Start of Block

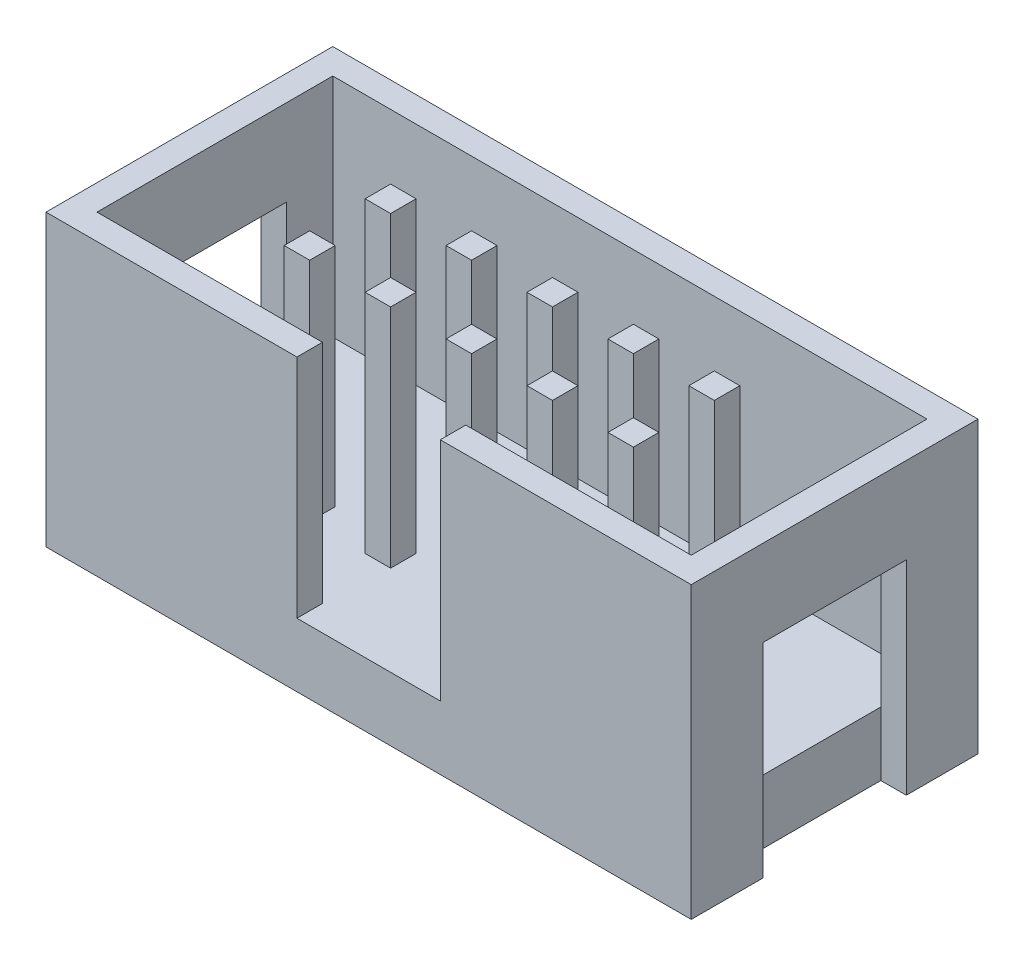
SolidWorks part; units mm, degrees
ref_plane "Front Plane" through (0, 0, 0) normal (0, 0, 1) x (1, 0, 0)
ref_plane "Top Plane" through (0, 0, 0) normal (0, 1, 0) x (1, 0, 0)
ref_plane "Right Plane" through (0, 0, 0) normal (1, 0, 0) x (0, 0, -1)
sketch "Sketch1" plane through (0, 0, 0) normal (0, 1, 0) x (1, 0, 0)
  line L1 (-39.7406, 29.0901) -> (-19.4906, 29.0901)
  line L2 (-39.7406, 29.0901) -> (-39.7406, 20.0901)
  line L3 (-39.7406, 20.0901) -> (-19.4906, 20.0901)
  line L4 (-19.4906, 29.0901) -> (-19.4906, 20.0901)
  dimension "D1" = 9
  dimension "D2" = 20.25
extrude "Boss-Extrude1" add sketch "Sketch1" along normal blind 9.1
sketch "Sketch2" plane through (0, 9.1, 0) normal (0, 1, 0) x (1, 0, 0)
  line L0 (-19.4906, 20.0901) -> (-19.4906, 29.0901) construction
  line L1 (-38.9406, 28.2901) -> (-20.2906, 28.2901)
  line L2 (-38.9406, 28.2901) -> (-38.9406, 20.8901)
  line L3 (-38.9406, 20.8901) -> (-20.2906, 20.8901)
  line L4 (-20.2906, 28.2901) -> (-20.2906, 20.8901)
  line L5 (-39.7406, 20.0901) -> (-19.4906, 20.0901) construction
  line L6 (-39.7406, 29.0901) -> (-39.7406, 20.0901) construction
  line L7 (-19.4906, 29.0901) -> (-39.7406, 29.0901) construction
  line L8 (-39.7406, 25.8601) -> (-19.4906, 25.8601) construction
  line L9 (-39.7406, 23.3201) -> (-19.4906, 23.3201) construction
  line L10 (-39.7406, 24.5901) -> (-19.4906, 24.5901) construction
  line L11 (-31.7556, 23.7201) -> (-31.7556, 22.9201)
  line L12 (-29.6156, 28.2901) -> (-29.6156, 20.8901) construction
  line L13 (-30.0156, 23.7201) -> (-30.0156, 22.9201)
  line L14 (-30.0156, 22.9201) -> (-29.2156, 22.9201)
  line L15 (-29.2156, 23.7201) -> (-29.2156, 22.9201)
  line L16 (-30.0156, 23.7201) -> (-29.2156, 23.7201)
  line L17 (-27.4756, 23.7201) -> (-27.4756, 22.9201)
  line L18 (-27.4756, 22.9201) -> (-26.6756, 22.9201)
  line L19 (-26.6756, 23.7201) -> (-26.6756, 22.9201)
  line L20 (-27.4756, 23.7201) -> (-26.6756, 23.7201)
  line L21 (-24.9356, 23.7201) -> (-24.1356, 23.7201)
  line L22 (-24.9356, 23.7201) -> (-24.9356, 22.9201)
  line L23 (-24.9356, 22.9201) -> (-24.1356, 22.9201)
  line L24 (-24.1356, 23.7201) -> (-24.1356, 22.9201)
  line L25 (-31.7556, 23.7201) -> (-32.5556, 23.7201)
  line L26 (-30.0156, 25.4601) -> (-29.2156, 25.4601)
  line L27 (-30.0156, 25.4601) -> (-30.0156, 26.2601)
  line L28 (-30.0156, 26.2601) -> (-29.2156, 26.2601)
  line L29 (-29.2156, 25.4601) -> (-29.2156, 26.2601)
  line L30 (-30.0156, 25.4601) -> (-29.2156, 26.2601) construction
  line L31 (-30.0156, 26.2601) -> (-29.2156, 25.4601) construction
  line L32 (-27.4756, 25.4601) -> (-26.6756, 25.4601)
  line L33 (-27.4756, 25.4601) -> (-27.4756, 26.2601)
  line L34 (-27.4756, 26.2601) -> (-26.6756, 26.2601)
  line L35 (-26.6756, 25.4601) -> (-26.6756, 26.2601)
  line L36 (-27.4756, 25.4601) -> (-26.6756, 26.2601) construction
  line L37 (-27.4756, 26.2601) -> (-26.6756, 25.4601) construction
  line L38 (-24.9356, 25.4601) -> (-24.1356, 25.4601)
  line L39 (-24.9356, 25.4601) -> (-24.9356, 26.2601)
  line L40 (-24.9356, 26.2601) -> (-24.1356, 26.2601)
  line L41 (-24.1356, 25.4601) -> (-24.1356, 26.2601)
  line L42 (-24.9356, 25.4601) -> (-24.1356, 26.2601) construction
  line L43 (-24.9356, 26.2601) -> (-24.1356, 25.4601) construction
  line L44 (-32.5556, 23.7201) -> (-32.5556, 22.9201)
  line L45 (-31.7556, 22.9201) -> (-32.5556, 22.9201)
  line L46 (-31.7556, 25.4601) -> (-31.7556, 26.2601)
  line L47 (-31.7556, 26.2601) -> (-32.5556, 26.2601)
  line L48 (-32.5556, 25.4601) -> (-32.5556, 26.2601)
  line L49 (-31.7556, 25.4601) -> (-32.5556, 25.4601)
  line L50 (-34.2956, 23.7201) -> (-34.2956, 22.9201)
  line L51 (-34.2956, 23.7201) -> (-35.0956, 23.7201)
  line L52 (-35.0956, 23.7201) -> (-35.0956, 22.9201)
  line L53 (-34.2956, 22.9201) -> (-35.0956, 22.9201)
  line L54 (-34.2956, 25.4601) -> (-34.2956, 26.2601)
  line L55 (-34.2956, 26.2601) -> (-35.0956, 26.2601)
  line L56 (-35.0956, 25.4601) -> (-35.0956, 26.2601)
  line L57 (-34.2956, 25.4601) -> (-35.0956, 25.4601)
  point P18 (-24.5356, 25.8601)
  point P19 (-29.6156, 25.8601)
  point P22 (-27.0756, 25.8601)
  dimension "D7" = 0.8
  dimension "D1" = 0.8
  dimension "D2" = 0.8
  dimension "D3" = 0.8
  dimension "D4" = 0.8
  dimension "D5" = 2.54
  dimension "D6" = 1.27
  dimension "D9" = 2.54
  dimension "D8" = 2.54
extrude "Cut-Extrude1" cut sketch "Sketch2" against normal blind 7.1 contours L3 L4 L1 L2
extrude "Boss-Extrude2" add sketch "Sketch2<3>" against normal blind 12.5 contours L38 L41 L40 L39 | L24 L21 L22 L23 | L20 L17 L18 L19 | L32 L35 L34 L33 | L26 L29 L28 L27 | L16 L13 L14 L15 | L45 L11 L25 L44 | L49 L46 L47 L48 | L57 L54 L55 L56 | L53 L50 L51 L52
sketch "Sketch2<3>" plane through (0, 9.1, 0) normal (0, 1, 0) x (1, 0, 0) same geometry as "Sketch2"
sketch "Sketch3" plane through (0, 0, -20.0901) normal (0, 0, 1) x (1, 0, 0)
  line L0 (-39.7406, 9.1) -> (-19.4906, 9.1) construction
  line L1 (-31.8656, 9.1) -> (-27.3656, 9.1)
  line L2 (-31.8656, 9.1) -> (-31.8656, 2)
  line L3 (-31.8656, 2) -> (-27.3656, 2)
  line L4 (-27.3656, 9.1) -> (-27.3656, 2)
  line L5 (-29.6156, 0) -> (-29.6156, 9.1) construction
  line L6 (-39.7406, 0) -> (-19.4906, 0) construction
  point P10 (-29.6156, 2)
  dimension "D1" = 7.1
  dimension "D2" = 4.5
extrude "Cut-Extrude2" cut sketch "Sketch3" against normal blind 2.1
sketch "Sketch5" plane through (-39.7406, 0, 0) normal (-1, 0, 0) x (0, 0, 1)
  line L0 (-24.5901, 0) -> (-24.5901, 9.1) construction
  line L1 (-26.8401, 0) -> (-22.3401, 0)
  line L2 (-26.8401, 0) -> (-26.8401, 6.4)
  line L3 (-26.8401, 6.4) -> (-22.3401, 6.4)
  line L4 (-22.3401, 0) -> (-22.3401, 6.4)
  line L7 (-29.0901, 0) -> (-20.0901, 0) construction
  line L8 (-29.0901, 9.1) -> (-20.0901, 9.1) construction
  point P7 (-24.5901, 6.4)
  dimension "D1" = 6.4
  dimension "D2" = 4.5
extrude "Cut-Extrude3" cut sketch "Sketch5" against normal up to surface (0.8 mm away) up to face at (-38.9406, 5.55, -24.5901)
sketch "Sketch6" plane through (-19.4906, 0, 0) normal (1, 0, 0) x (0, 0, -1)
  line L0 (24.5901, 0) -> (24.5901, 9.1) construction
  line L1 (22.3401, 0) -> (26.8401, 0)
  line L2 (22.3401, 0) -> (22.3401, 6.4)
  line L3 (22.3401, 6.4) -> (26.8401, 6.4)
  line L4 (26.8401, 0) -> (26.8401, 6.4)
  line L5 (20.0901, 0) -> (29.0901, 0) construction
  line L6 (20.0901, 9.1) -> (29.0901, 9.1) construction
  point P14 (24.5901, 6.4)
  dimension "D1" = 4.5
  dimension "D2" = 6.4
extrude "Cut-Extrude4" cut sketch "Sketch6" against normal up to surface (0.8 mm away) up to face at (-20.2906, 5.55, -24.5901)
sketch "Sketch8" plane through (-35.0956, 0, 0) normal (-1, 0, 0) x (0, 0, 1)
  line L1 (-26.2601, -1.4) -> (-22.9201, -1.4)
  line L2 (-26.2601, -1.4) -> (-26.2601, -3.4)
  line L3 (-26.2601, -3.4) -> (-22.9201, -3.4)
  line L4 (-22.9201, -1.4) -> (-22.9201, -3.4)
  line L5 (-23.7201, -3.4) -> (-22.9201, -3.4) construction
  line L6 (-26.2601, -3.4) -> (-26.2601, 0) construction
  line L7 (-22.9201, -3.4) -> (-22.9201, 0) construction
  dimension "D1" = 2
extrude "Cut-Extrude5" cut sketch "Sketch8" against normal through all

End of Block

> _Task instructions_
All lines above from the one with "line L36 (-27.4756, 25.4601)" to the one with "line L39 (-24.9356, 25.4601)", inclusive, should be copied exactly, and no other lines.

> _Solved exercise_
  line L36 (-27.4756, 25.4601) -> (-26.6756, 26.2601) construction
  line L37 (-27.4756, 26.2601) -> (-26.6756, 25.4601) construction
  line L38 (-24.9356, 25.4601) -> (-24.1356, 25.4601)
  line L39 (-24.9356, 25.4601) -> (-24.9356, 26.2601)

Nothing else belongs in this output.